Assentam as versões mais perigosas do romantismo nesta ideia de que o outro nos salvará. Em tempos que já lá vão, salvar-nos-ia de dragões, malfeitores, ruína financeira, má fama e até guerras. Hoje, salva-nos de levarmos sozinhos às costas o absurdo de existir. Ser romântico é uma enorme irresponsabilidade, quando não uma vergonhosa preguiça. 

17.9.24

Porém, não apareceste. Apareceu antes o meu pai, o que é natural, já que estamos às portas do outono, seria o tempo de irmos a Castro Daire comer arroz de feijão com salpicão, o tempo de ele interpretar a ondulação animal das minhas ancas e os meus excessos de apetite, tu não estarás grávida? e eu, tão leviana, menosprezando o quanto pode essa raríssima aliança entre ciência e intuição que nele era quotidiana, original e generosa: que disparate, nem pensar. Apareceu antes o meu pai, dizia eu.

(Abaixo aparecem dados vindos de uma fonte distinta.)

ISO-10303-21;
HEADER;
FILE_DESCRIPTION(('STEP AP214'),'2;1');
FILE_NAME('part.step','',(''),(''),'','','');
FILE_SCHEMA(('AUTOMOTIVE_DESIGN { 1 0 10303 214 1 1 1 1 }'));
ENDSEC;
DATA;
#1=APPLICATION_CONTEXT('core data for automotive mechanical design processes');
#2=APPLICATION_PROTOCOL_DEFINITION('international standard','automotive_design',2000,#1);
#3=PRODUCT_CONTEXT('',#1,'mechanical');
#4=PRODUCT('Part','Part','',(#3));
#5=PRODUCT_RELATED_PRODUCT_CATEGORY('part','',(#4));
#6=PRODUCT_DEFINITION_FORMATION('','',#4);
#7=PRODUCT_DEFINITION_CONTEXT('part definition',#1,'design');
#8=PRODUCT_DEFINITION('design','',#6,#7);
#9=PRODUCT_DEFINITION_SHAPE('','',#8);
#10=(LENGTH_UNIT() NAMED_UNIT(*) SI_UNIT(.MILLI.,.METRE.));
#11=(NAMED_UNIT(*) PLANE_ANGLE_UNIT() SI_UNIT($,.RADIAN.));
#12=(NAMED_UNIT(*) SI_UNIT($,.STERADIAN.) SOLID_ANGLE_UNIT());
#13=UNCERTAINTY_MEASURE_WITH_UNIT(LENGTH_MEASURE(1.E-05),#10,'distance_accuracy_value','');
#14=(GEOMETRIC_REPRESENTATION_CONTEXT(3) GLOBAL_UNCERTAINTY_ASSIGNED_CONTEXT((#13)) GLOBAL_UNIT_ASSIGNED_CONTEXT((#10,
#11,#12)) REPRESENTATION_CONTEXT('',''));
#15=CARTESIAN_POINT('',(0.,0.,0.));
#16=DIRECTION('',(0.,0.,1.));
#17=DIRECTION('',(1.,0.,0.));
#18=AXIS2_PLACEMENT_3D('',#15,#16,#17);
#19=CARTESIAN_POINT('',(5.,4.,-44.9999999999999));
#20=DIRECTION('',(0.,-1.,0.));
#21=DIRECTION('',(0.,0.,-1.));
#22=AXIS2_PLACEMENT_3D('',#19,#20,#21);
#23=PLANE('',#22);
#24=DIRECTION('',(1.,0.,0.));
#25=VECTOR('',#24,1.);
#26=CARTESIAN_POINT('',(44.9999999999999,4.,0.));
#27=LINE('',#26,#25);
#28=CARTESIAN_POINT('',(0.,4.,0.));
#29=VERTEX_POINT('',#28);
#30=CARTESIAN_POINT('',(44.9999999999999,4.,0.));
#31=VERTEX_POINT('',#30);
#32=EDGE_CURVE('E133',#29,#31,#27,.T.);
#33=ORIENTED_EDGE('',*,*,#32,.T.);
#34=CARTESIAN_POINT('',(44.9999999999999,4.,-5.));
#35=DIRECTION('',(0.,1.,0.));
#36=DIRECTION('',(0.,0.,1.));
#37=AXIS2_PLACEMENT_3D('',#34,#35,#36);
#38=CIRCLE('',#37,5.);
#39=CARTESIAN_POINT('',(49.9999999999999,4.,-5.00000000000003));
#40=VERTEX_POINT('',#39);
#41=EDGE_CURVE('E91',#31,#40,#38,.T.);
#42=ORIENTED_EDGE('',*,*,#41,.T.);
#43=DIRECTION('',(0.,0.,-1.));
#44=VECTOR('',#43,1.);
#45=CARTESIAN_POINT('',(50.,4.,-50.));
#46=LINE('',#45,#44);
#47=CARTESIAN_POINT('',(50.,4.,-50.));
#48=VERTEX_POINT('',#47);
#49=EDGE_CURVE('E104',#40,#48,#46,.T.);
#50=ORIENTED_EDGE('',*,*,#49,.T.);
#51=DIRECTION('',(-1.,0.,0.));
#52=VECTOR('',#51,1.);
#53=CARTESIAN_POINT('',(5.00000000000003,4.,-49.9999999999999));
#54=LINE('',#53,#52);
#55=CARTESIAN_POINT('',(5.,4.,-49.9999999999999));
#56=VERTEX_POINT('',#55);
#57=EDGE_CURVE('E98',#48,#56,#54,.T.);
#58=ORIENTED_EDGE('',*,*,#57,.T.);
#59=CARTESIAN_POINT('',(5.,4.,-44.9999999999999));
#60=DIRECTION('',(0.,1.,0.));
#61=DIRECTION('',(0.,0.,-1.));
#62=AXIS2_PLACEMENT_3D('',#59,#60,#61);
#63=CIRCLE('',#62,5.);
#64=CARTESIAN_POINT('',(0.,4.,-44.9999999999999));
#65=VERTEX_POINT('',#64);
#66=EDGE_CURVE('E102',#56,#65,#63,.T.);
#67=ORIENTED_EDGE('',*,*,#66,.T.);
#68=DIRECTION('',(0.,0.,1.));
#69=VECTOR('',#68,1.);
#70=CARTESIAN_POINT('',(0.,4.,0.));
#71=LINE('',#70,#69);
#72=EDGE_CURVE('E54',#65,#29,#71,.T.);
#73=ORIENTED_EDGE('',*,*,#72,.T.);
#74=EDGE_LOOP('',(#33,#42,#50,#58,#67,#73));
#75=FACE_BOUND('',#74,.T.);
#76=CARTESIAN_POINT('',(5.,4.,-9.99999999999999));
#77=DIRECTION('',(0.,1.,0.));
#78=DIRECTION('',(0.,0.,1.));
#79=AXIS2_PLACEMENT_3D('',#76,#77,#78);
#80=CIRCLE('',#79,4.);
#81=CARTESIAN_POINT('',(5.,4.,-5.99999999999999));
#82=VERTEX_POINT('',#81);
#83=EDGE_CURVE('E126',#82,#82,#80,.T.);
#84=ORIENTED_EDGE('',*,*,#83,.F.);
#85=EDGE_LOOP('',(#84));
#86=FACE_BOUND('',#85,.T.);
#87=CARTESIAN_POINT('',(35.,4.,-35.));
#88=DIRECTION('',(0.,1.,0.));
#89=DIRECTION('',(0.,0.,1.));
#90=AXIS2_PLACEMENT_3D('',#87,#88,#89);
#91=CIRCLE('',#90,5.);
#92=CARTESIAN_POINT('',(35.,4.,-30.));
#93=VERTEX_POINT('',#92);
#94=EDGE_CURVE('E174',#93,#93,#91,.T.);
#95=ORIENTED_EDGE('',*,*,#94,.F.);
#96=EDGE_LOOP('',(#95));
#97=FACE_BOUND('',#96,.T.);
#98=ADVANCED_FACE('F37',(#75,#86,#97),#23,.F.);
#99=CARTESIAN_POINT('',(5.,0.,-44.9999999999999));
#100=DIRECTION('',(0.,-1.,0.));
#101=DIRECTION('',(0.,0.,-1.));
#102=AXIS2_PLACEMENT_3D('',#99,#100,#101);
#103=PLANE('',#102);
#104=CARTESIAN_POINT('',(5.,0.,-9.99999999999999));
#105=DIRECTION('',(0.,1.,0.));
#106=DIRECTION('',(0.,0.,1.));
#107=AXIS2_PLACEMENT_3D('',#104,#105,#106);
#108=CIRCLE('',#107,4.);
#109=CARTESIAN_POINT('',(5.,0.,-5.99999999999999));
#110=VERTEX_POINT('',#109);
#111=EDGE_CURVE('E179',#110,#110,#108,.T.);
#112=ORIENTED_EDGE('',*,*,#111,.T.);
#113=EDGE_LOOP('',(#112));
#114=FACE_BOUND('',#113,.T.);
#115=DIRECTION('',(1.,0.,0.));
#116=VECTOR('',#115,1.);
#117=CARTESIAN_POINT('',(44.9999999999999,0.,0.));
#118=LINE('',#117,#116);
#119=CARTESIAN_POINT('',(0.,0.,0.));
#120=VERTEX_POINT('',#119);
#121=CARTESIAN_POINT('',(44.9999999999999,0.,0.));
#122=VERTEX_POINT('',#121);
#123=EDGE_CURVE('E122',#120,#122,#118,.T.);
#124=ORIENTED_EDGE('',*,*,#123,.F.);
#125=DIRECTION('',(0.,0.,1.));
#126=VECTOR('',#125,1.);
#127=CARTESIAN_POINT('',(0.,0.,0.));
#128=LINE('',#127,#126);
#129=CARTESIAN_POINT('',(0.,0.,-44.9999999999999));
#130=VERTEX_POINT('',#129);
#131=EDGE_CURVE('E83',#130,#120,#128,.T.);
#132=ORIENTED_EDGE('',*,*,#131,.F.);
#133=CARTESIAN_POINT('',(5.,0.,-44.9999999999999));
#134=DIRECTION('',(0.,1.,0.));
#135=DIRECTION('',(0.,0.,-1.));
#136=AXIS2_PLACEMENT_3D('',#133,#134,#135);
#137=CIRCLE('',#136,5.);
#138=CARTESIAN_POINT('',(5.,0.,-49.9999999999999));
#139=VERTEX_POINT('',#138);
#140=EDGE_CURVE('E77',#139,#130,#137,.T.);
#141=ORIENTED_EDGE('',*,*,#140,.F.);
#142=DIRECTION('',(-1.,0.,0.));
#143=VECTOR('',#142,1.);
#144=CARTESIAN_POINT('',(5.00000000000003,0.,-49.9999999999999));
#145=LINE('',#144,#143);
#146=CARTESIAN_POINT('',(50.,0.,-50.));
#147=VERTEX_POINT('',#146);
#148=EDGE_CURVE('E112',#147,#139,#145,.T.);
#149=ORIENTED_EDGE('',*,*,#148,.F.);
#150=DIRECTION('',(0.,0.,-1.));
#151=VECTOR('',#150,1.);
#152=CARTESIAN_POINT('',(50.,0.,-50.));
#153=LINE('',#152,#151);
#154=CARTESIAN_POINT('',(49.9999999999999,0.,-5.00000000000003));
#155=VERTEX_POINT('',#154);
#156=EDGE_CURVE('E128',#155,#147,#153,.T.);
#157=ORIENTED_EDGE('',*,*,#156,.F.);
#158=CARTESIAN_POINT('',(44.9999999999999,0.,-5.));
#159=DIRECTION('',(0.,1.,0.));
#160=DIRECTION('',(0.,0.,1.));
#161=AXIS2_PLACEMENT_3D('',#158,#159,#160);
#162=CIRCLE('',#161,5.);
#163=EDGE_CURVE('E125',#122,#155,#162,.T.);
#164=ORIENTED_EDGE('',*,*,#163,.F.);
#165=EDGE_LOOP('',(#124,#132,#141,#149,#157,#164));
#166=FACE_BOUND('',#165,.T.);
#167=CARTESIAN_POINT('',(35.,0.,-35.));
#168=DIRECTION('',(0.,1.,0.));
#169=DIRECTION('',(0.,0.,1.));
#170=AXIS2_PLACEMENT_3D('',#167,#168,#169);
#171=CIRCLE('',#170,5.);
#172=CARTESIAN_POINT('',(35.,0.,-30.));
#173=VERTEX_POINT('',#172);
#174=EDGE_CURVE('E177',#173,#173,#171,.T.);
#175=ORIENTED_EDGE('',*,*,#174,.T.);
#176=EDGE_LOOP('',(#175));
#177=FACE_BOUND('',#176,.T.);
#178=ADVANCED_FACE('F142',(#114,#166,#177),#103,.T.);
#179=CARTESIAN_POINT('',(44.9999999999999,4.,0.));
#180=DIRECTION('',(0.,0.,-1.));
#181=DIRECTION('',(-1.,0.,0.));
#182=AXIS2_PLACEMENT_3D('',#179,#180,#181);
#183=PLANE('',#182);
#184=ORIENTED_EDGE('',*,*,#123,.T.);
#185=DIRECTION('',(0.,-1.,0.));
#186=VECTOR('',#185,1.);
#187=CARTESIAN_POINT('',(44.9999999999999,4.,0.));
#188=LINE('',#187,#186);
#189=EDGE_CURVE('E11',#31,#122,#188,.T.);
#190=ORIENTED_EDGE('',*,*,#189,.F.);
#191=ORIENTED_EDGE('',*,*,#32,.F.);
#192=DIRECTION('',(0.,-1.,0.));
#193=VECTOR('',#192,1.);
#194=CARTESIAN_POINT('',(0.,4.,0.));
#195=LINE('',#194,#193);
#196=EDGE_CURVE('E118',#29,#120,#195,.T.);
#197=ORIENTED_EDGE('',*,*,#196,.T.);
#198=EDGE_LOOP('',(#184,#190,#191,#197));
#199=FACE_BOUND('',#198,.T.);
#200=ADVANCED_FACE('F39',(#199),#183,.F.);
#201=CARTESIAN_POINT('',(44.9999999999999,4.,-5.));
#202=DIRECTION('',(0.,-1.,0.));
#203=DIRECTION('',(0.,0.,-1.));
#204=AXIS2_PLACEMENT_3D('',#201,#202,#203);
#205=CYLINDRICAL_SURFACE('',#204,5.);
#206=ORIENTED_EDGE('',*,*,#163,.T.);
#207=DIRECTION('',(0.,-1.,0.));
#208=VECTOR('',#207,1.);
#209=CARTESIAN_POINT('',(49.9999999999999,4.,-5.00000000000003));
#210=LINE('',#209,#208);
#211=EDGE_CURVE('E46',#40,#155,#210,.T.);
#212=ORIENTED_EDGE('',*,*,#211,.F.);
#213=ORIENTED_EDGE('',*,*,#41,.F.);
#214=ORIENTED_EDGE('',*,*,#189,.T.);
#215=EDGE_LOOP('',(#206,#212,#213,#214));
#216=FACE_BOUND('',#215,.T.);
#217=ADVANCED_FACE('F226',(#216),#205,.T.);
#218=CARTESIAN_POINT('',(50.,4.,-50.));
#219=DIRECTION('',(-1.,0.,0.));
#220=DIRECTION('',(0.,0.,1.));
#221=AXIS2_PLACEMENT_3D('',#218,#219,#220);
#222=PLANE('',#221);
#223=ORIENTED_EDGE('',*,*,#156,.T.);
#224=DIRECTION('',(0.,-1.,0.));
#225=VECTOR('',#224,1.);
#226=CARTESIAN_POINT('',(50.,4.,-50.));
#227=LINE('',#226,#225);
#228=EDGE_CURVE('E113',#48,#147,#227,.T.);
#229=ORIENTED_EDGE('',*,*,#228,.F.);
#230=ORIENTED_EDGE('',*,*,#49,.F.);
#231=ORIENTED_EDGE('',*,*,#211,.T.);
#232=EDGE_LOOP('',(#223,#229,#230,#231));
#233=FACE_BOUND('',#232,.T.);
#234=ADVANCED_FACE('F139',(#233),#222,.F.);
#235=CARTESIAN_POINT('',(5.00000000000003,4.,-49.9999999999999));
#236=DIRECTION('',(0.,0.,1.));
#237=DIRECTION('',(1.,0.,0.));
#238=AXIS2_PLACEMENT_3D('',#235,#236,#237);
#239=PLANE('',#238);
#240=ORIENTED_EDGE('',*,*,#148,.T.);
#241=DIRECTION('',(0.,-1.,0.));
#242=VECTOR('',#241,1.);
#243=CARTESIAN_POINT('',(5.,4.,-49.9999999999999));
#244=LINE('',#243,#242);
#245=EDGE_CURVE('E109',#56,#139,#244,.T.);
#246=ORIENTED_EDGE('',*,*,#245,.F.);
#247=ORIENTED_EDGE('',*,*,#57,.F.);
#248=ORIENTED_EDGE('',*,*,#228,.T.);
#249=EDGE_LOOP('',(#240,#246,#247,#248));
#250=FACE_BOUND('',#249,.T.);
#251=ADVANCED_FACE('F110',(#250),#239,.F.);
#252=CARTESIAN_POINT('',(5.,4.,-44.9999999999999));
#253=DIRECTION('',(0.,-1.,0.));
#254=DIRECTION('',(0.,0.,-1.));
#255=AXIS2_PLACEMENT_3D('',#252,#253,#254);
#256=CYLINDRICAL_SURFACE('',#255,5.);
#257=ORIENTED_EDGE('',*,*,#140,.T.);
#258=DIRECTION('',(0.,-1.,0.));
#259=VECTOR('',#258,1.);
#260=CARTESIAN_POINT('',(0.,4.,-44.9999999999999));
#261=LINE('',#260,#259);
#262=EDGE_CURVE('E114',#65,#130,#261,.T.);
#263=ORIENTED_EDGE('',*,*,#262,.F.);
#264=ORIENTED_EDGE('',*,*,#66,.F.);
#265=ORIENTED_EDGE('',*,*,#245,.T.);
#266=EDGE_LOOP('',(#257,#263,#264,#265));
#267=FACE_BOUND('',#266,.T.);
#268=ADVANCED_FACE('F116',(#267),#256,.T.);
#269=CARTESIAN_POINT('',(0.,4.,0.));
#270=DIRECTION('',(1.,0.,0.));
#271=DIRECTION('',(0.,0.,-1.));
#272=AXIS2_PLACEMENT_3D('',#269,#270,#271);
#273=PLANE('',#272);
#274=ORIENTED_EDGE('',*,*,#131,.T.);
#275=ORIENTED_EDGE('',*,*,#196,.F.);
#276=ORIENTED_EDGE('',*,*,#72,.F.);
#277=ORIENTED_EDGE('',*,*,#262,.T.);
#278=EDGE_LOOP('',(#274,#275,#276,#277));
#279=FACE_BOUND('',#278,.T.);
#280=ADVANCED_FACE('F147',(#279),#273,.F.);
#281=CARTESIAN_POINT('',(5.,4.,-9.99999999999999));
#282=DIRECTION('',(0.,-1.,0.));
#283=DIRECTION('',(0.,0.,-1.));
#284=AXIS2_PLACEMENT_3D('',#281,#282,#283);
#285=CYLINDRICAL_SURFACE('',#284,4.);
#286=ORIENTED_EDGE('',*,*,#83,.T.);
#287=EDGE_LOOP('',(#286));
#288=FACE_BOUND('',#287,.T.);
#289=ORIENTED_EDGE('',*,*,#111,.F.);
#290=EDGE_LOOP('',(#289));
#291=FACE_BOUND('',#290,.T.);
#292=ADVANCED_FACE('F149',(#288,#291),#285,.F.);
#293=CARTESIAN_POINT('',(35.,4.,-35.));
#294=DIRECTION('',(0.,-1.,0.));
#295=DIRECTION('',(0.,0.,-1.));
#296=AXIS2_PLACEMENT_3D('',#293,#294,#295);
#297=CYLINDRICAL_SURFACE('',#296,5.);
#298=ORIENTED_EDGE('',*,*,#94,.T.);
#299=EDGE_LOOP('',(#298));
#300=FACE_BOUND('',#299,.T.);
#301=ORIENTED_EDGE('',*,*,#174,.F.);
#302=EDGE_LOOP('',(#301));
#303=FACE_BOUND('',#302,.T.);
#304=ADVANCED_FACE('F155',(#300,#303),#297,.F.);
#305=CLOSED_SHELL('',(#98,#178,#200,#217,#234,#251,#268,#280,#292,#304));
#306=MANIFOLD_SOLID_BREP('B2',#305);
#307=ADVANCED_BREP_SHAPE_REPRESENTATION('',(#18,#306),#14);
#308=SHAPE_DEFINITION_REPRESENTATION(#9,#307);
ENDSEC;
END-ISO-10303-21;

E fomos juntos de automóvel, ele conduziu com a serenidade real, era mesmo ele e não outro como acontece em certos sonhos que reconfiguram o mundo sensível, era exatamente sua a face, o olhar sóbrio, a constância, a lucidez, o longo silêncio que não usava para se ausentar mas para se fazer mais atento – quem fala muito distrai-se do fundamental. Súbito, parou. Desligou o motor, notou os próprios pés, disse sei qual é a embraiagem, o travão e o acelerador, mas não consigo usá-los, estou a ter um enfarte. Trocámos de lugar, sentei-me ao volante e antes de rodar à chave despertei, obviamente, sem qualquer vestígio dele, nem rosto, nem cheiro, nem gesto, nem sopro, embora me tenha levantado da cama com ele sobrevivo, vitorioso, em cada uma das minhas células.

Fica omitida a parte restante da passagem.